→ **WHAT THE TASK ASKS**:
Print the line that contains "#90=EDGE_LOOP('',(#89));" and every line that follows it in the data below, ending with the final line; include nothing else.
───── LISTED RECORDS
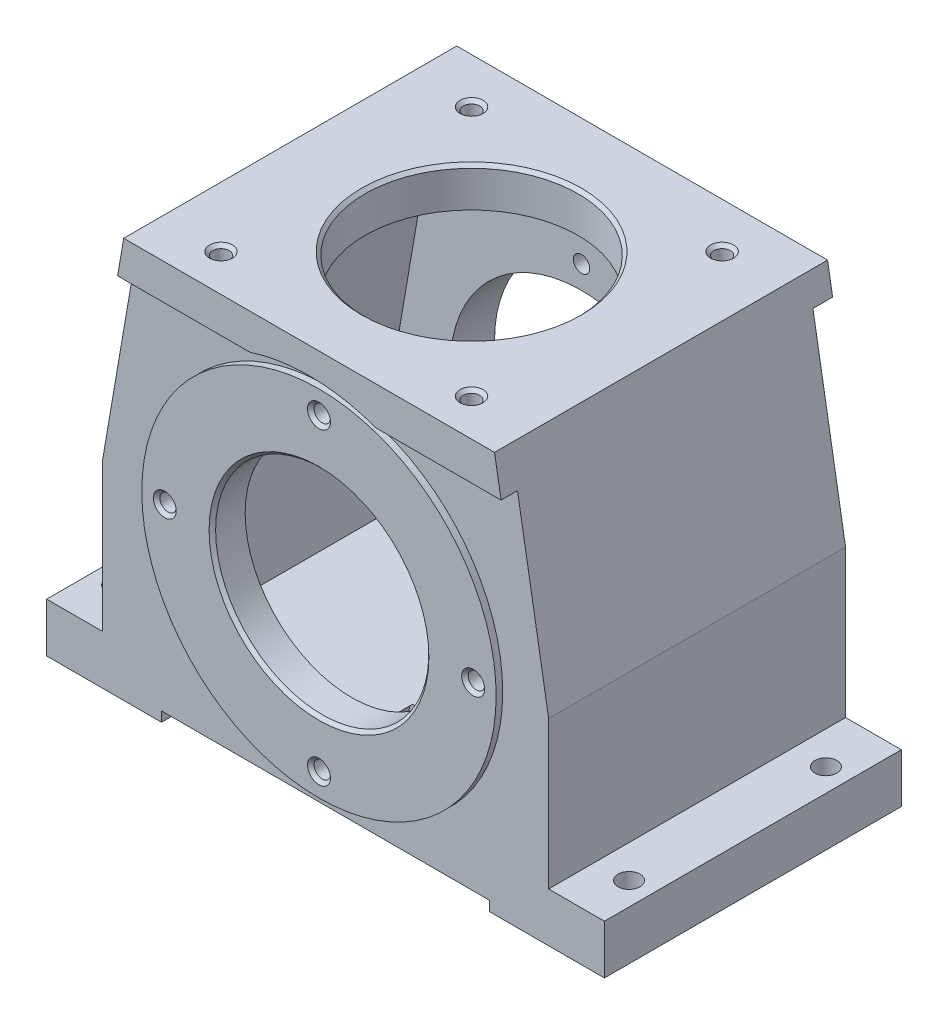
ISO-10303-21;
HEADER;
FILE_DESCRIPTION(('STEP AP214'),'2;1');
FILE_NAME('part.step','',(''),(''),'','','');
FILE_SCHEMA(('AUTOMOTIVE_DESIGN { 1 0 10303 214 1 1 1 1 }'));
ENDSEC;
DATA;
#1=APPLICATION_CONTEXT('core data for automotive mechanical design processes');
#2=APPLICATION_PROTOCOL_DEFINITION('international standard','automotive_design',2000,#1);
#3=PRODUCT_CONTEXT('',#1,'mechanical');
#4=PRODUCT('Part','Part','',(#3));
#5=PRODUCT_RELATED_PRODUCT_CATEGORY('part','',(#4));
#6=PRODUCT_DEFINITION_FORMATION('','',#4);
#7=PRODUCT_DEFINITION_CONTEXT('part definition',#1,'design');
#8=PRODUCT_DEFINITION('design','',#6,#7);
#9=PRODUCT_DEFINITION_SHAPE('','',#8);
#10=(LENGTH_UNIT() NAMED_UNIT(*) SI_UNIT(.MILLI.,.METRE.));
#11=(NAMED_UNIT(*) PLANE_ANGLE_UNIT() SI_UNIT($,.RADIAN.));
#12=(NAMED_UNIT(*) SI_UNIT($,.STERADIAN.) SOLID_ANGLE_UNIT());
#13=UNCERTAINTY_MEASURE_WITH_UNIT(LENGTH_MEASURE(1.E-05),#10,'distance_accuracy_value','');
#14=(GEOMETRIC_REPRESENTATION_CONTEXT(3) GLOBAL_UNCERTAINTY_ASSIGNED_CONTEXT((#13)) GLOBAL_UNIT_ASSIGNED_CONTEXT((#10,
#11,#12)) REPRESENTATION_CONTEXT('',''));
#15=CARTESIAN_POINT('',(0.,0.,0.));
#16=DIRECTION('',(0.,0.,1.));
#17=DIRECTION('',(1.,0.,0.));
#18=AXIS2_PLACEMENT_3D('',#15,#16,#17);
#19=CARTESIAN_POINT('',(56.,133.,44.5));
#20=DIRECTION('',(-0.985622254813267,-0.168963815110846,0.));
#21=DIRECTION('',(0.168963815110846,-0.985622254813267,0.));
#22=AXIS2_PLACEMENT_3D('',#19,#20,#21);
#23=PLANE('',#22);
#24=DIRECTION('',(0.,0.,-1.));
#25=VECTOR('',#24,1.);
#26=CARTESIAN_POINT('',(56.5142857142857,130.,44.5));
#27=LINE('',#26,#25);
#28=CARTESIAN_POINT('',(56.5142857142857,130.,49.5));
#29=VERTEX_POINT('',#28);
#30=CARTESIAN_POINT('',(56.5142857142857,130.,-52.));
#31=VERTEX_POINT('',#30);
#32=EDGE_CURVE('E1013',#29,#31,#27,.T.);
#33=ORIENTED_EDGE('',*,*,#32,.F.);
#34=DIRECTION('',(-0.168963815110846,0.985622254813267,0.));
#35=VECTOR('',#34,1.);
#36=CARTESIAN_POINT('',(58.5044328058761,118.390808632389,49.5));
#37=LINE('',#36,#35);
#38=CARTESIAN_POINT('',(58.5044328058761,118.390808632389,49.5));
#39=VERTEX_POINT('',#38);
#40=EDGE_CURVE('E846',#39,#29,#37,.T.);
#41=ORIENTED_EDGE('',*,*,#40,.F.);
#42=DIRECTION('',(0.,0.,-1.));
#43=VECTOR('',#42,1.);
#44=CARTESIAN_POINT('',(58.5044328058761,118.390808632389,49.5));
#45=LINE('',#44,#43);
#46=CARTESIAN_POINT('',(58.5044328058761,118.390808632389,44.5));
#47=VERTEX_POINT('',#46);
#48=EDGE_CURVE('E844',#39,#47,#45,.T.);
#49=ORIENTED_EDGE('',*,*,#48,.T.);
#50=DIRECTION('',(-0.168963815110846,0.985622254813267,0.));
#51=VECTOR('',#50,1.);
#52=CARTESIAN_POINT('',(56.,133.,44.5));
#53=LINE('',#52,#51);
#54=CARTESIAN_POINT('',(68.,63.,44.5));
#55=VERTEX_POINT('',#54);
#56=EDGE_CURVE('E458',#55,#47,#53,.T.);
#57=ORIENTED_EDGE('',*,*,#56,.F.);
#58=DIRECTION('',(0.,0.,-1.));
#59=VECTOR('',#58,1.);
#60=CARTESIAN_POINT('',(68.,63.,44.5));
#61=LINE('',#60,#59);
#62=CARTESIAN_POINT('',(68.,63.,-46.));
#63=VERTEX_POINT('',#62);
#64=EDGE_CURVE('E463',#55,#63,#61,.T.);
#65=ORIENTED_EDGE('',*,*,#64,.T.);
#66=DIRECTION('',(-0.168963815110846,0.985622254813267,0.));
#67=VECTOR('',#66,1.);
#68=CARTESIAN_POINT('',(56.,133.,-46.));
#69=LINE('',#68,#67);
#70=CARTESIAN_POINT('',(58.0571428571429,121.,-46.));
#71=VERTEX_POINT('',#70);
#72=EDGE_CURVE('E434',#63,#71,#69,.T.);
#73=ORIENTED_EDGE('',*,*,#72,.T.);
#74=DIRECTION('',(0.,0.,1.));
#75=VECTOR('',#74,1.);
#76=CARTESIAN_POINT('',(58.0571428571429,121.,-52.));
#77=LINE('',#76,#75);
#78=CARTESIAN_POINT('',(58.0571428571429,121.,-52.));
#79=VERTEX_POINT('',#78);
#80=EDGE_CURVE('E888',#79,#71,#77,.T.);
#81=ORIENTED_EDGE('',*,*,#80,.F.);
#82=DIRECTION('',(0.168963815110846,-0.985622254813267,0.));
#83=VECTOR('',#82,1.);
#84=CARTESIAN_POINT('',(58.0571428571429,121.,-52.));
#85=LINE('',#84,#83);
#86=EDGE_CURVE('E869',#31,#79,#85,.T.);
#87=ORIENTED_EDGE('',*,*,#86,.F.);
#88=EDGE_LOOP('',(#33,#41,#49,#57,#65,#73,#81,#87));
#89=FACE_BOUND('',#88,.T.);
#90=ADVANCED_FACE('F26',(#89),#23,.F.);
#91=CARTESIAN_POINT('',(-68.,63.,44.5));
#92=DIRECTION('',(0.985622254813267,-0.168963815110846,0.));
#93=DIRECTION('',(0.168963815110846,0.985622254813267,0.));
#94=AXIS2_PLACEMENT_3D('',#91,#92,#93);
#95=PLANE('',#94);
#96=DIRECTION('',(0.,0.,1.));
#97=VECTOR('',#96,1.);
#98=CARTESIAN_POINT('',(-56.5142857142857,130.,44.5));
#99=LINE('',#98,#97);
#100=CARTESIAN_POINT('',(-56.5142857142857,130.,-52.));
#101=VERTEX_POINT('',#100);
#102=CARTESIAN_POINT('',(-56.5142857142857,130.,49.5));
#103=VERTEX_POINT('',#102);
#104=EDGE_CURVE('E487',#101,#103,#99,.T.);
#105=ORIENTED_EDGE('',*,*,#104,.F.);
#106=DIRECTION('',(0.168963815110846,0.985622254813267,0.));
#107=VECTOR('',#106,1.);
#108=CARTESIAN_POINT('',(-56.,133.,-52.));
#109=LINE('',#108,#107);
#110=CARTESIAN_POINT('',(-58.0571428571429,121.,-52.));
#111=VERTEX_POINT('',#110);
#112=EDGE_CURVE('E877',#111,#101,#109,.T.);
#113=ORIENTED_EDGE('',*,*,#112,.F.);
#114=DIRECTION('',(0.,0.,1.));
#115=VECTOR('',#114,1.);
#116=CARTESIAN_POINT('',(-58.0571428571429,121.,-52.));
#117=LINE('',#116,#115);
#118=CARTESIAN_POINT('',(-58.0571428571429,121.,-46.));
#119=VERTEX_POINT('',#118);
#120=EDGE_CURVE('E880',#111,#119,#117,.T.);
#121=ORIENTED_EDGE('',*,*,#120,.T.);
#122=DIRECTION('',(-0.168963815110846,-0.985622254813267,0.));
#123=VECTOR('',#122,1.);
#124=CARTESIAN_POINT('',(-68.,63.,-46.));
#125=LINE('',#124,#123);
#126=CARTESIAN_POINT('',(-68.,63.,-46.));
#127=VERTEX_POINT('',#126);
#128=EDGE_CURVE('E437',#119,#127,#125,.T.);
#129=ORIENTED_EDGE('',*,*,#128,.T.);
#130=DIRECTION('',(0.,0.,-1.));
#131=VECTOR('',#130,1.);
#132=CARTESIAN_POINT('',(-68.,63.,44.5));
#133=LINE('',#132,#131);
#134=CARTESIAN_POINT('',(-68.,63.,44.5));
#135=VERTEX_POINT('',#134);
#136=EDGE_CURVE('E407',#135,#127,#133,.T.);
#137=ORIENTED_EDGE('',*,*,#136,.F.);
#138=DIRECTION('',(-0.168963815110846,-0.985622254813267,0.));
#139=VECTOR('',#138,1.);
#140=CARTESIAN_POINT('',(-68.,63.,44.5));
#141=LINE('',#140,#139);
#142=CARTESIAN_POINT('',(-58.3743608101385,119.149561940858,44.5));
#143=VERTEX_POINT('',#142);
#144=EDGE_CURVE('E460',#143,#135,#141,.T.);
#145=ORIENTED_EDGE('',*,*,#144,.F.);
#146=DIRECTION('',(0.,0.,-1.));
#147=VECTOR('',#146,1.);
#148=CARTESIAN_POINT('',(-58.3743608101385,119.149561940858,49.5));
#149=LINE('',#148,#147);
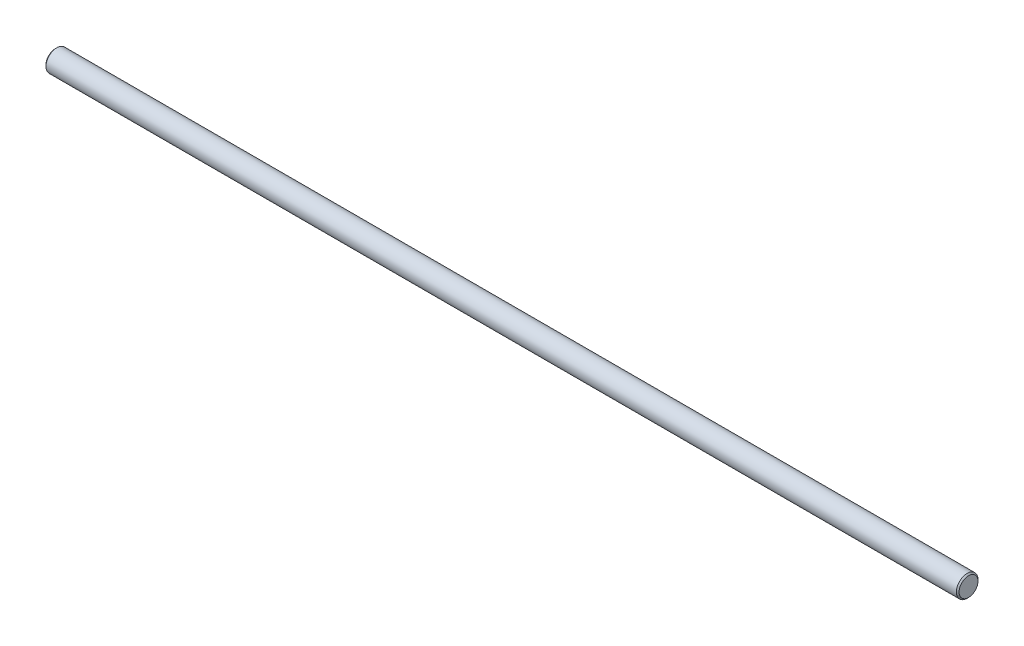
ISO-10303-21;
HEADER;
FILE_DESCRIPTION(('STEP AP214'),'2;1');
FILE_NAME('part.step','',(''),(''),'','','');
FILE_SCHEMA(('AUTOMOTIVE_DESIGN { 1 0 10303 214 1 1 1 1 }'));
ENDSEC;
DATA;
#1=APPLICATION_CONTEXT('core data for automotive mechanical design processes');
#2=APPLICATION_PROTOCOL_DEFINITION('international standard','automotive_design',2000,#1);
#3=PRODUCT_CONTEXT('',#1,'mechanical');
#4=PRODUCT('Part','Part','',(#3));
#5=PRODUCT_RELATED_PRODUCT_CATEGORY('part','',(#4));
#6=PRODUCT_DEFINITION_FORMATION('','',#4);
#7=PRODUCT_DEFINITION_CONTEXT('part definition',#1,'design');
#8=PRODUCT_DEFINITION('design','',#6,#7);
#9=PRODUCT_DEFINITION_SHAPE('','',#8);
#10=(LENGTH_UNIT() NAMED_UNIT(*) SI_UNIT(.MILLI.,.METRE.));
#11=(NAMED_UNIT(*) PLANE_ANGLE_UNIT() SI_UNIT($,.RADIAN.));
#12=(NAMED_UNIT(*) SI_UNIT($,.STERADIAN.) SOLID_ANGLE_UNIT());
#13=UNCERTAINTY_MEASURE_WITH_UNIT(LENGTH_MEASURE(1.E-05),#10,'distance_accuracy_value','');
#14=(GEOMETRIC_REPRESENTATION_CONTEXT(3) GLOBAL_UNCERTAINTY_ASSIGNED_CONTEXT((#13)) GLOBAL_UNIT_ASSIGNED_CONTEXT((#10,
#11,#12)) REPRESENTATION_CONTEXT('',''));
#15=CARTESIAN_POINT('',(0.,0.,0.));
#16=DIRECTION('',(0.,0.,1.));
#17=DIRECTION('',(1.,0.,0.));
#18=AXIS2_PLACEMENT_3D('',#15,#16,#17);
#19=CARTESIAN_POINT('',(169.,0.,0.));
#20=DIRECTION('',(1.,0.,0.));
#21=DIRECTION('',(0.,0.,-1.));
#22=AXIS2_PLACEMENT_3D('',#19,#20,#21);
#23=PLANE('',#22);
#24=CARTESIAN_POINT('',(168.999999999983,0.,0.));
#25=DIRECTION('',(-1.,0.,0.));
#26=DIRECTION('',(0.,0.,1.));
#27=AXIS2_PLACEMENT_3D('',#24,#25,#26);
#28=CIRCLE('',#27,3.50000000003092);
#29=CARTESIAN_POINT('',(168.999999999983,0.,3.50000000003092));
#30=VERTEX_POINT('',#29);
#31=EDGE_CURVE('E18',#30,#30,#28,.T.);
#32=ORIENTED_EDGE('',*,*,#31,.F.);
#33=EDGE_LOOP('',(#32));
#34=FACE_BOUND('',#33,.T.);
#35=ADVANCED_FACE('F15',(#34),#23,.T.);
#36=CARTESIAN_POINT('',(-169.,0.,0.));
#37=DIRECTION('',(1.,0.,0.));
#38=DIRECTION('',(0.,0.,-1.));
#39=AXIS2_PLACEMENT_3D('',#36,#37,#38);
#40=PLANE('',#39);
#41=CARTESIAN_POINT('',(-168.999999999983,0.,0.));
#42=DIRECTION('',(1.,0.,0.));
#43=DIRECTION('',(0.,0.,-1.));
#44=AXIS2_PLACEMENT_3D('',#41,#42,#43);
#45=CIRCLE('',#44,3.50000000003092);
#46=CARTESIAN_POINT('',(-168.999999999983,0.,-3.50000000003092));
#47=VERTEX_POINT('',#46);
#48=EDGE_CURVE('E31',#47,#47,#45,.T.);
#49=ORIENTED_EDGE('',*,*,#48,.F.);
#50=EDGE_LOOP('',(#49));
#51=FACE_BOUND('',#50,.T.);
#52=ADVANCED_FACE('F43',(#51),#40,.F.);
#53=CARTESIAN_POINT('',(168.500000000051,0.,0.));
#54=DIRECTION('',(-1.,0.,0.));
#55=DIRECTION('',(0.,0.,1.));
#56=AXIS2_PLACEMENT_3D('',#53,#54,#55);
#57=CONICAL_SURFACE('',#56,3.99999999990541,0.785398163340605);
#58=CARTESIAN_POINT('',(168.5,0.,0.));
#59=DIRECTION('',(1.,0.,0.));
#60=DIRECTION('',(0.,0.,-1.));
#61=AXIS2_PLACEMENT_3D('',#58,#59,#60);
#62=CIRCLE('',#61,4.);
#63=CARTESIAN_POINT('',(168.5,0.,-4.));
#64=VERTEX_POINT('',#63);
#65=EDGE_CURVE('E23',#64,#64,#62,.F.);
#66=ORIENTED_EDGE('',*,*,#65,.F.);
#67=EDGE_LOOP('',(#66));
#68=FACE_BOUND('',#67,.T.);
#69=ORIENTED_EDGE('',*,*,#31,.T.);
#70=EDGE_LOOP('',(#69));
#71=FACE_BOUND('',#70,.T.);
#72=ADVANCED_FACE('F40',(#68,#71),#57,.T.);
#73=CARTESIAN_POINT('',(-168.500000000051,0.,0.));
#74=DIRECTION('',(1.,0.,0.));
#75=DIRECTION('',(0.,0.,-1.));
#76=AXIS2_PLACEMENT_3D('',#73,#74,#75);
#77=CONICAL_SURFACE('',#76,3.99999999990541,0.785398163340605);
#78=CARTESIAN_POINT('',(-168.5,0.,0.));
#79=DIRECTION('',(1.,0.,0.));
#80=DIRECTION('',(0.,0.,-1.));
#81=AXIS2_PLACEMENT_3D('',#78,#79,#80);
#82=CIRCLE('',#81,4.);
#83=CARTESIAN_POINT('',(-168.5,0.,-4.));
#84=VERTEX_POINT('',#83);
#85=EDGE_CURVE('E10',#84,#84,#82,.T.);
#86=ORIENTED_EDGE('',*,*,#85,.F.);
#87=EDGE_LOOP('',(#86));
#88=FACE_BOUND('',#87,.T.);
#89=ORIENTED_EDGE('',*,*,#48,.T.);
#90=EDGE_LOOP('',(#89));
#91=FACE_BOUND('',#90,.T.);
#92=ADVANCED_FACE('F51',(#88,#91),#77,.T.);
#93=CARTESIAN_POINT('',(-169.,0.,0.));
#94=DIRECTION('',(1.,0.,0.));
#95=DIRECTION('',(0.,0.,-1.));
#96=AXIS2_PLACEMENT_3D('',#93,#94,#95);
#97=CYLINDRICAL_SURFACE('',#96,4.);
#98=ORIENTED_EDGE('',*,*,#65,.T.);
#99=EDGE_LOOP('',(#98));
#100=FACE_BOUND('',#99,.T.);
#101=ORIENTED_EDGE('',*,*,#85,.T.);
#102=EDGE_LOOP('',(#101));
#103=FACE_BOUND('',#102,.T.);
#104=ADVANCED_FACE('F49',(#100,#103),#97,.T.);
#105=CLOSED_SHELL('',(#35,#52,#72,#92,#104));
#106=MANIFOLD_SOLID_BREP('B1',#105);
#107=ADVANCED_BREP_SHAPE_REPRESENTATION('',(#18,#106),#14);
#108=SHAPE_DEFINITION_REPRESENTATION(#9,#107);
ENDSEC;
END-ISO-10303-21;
──────────
→ **OUTPUT BELOW**:
#90=EDGE_LOOP('',(#89));
#91=FACE_BOUND('',#90,.T.);
#92=ADVANCED_FACE('F51',(#88,#91),#77,.T.);
#93=CARTESIAN_POINT('',(-169.,0.,0.));
#94=DIRECTION('',(1.,0.,0.));
#95=DIRECTION('',(0.,0.,-1.));
#96=AXIS2_PLACEMENT_3D('',#93,#94,#95);
#97=CYLINDRICAL_SURFACE('',#96,4.);
#98=ORIENTED_EDGE('',*,*,#65,.T.);
#99=EDGE_LOOP('',(#98));
#100=FACE_BOUND('',#99,.T.);
#101=ORIENTED_EDGE('',*,*,#85,.T.);
#102=EDGE_LOOP('',(#101));
#103=FACE_BOUND('',#102,.T.);
#104=ADVANCED_FACE('F49',(#100,#103),#97,.T.);
#105=CLOSED_SHELL('',(#35,#52,#72,#92,#104));
#106=MANIFOLD_SOLID_BREP('B1',#105);
#107=ADVANCED_BREP_SHAPE_REPRESENTATION('',(#18,#106),#14);
#108=SHAPE_DEFINITION_REPRESENTATION(#9,#107);
ENDSEC;
END-ISO-10303-21;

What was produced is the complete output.